--- MATERIALS PROVIDED ---

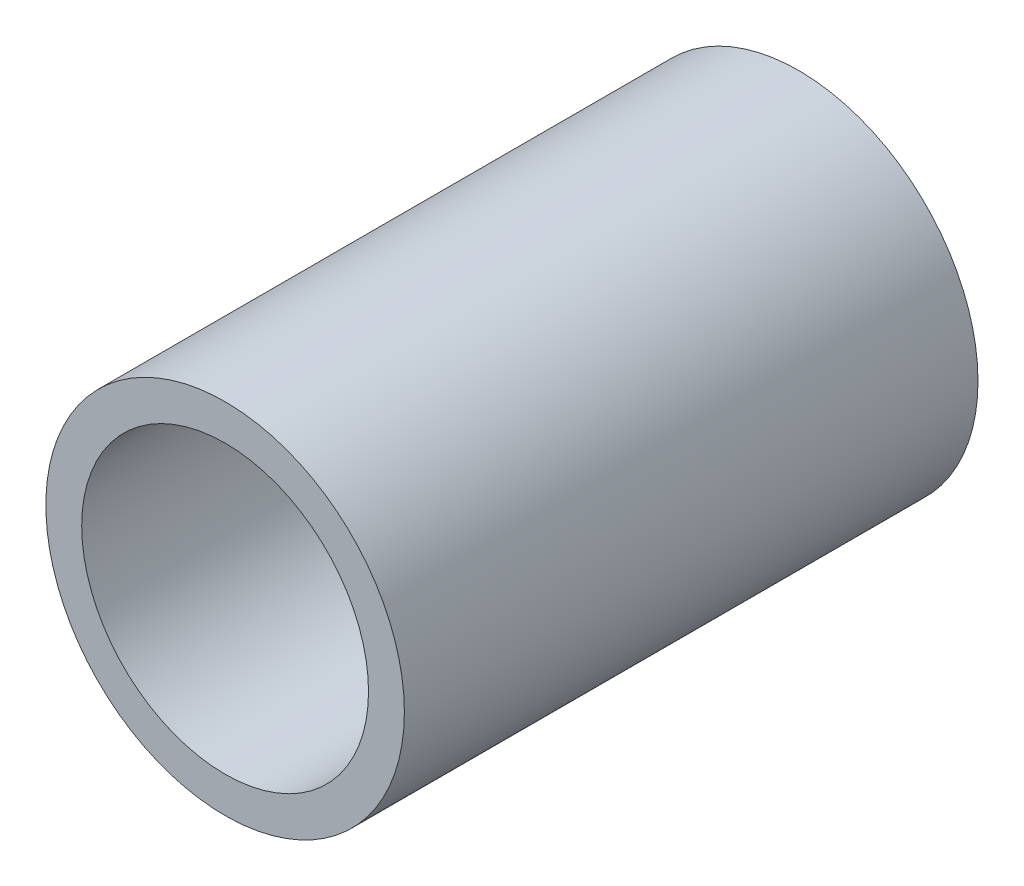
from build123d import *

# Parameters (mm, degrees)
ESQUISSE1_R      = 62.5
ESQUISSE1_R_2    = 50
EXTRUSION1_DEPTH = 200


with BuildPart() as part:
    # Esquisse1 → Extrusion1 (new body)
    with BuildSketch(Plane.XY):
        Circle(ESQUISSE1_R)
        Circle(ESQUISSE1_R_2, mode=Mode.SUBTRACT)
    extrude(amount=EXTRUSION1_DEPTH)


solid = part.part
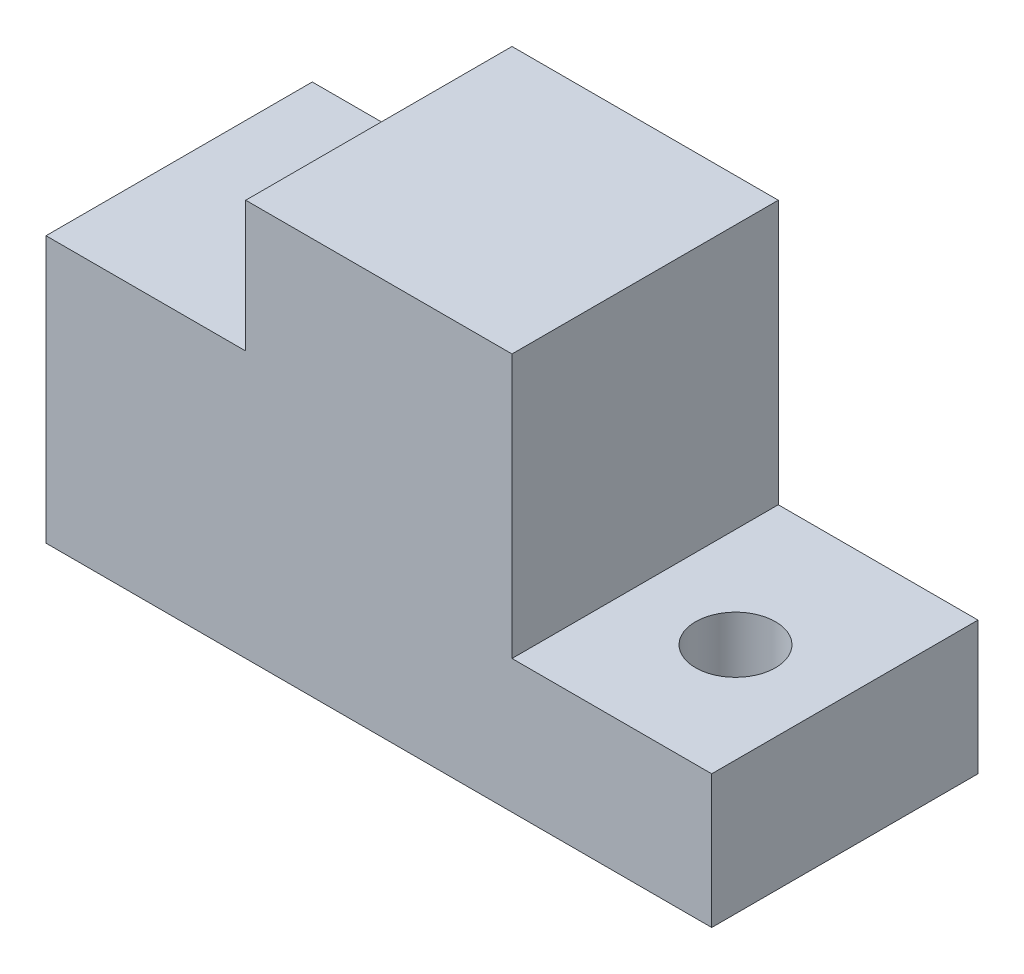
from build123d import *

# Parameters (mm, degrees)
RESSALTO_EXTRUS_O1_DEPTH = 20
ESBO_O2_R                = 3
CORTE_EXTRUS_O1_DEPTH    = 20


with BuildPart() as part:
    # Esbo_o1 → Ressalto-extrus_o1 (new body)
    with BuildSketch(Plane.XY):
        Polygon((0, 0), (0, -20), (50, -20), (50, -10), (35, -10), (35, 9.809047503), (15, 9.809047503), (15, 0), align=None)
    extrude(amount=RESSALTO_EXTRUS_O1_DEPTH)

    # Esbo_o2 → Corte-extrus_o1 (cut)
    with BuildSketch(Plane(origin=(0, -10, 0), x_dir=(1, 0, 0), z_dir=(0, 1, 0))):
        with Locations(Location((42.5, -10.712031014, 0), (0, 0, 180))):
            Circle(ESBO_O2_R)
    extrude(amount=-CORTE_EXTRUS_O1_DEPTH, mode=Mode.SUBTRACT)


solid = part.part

---

→ **EXERCISE REQUIREMENTS**
After counting the lines of the records above that hold the word "mode", give the total and nothing else.

→ **EXERCISE RESULT**
2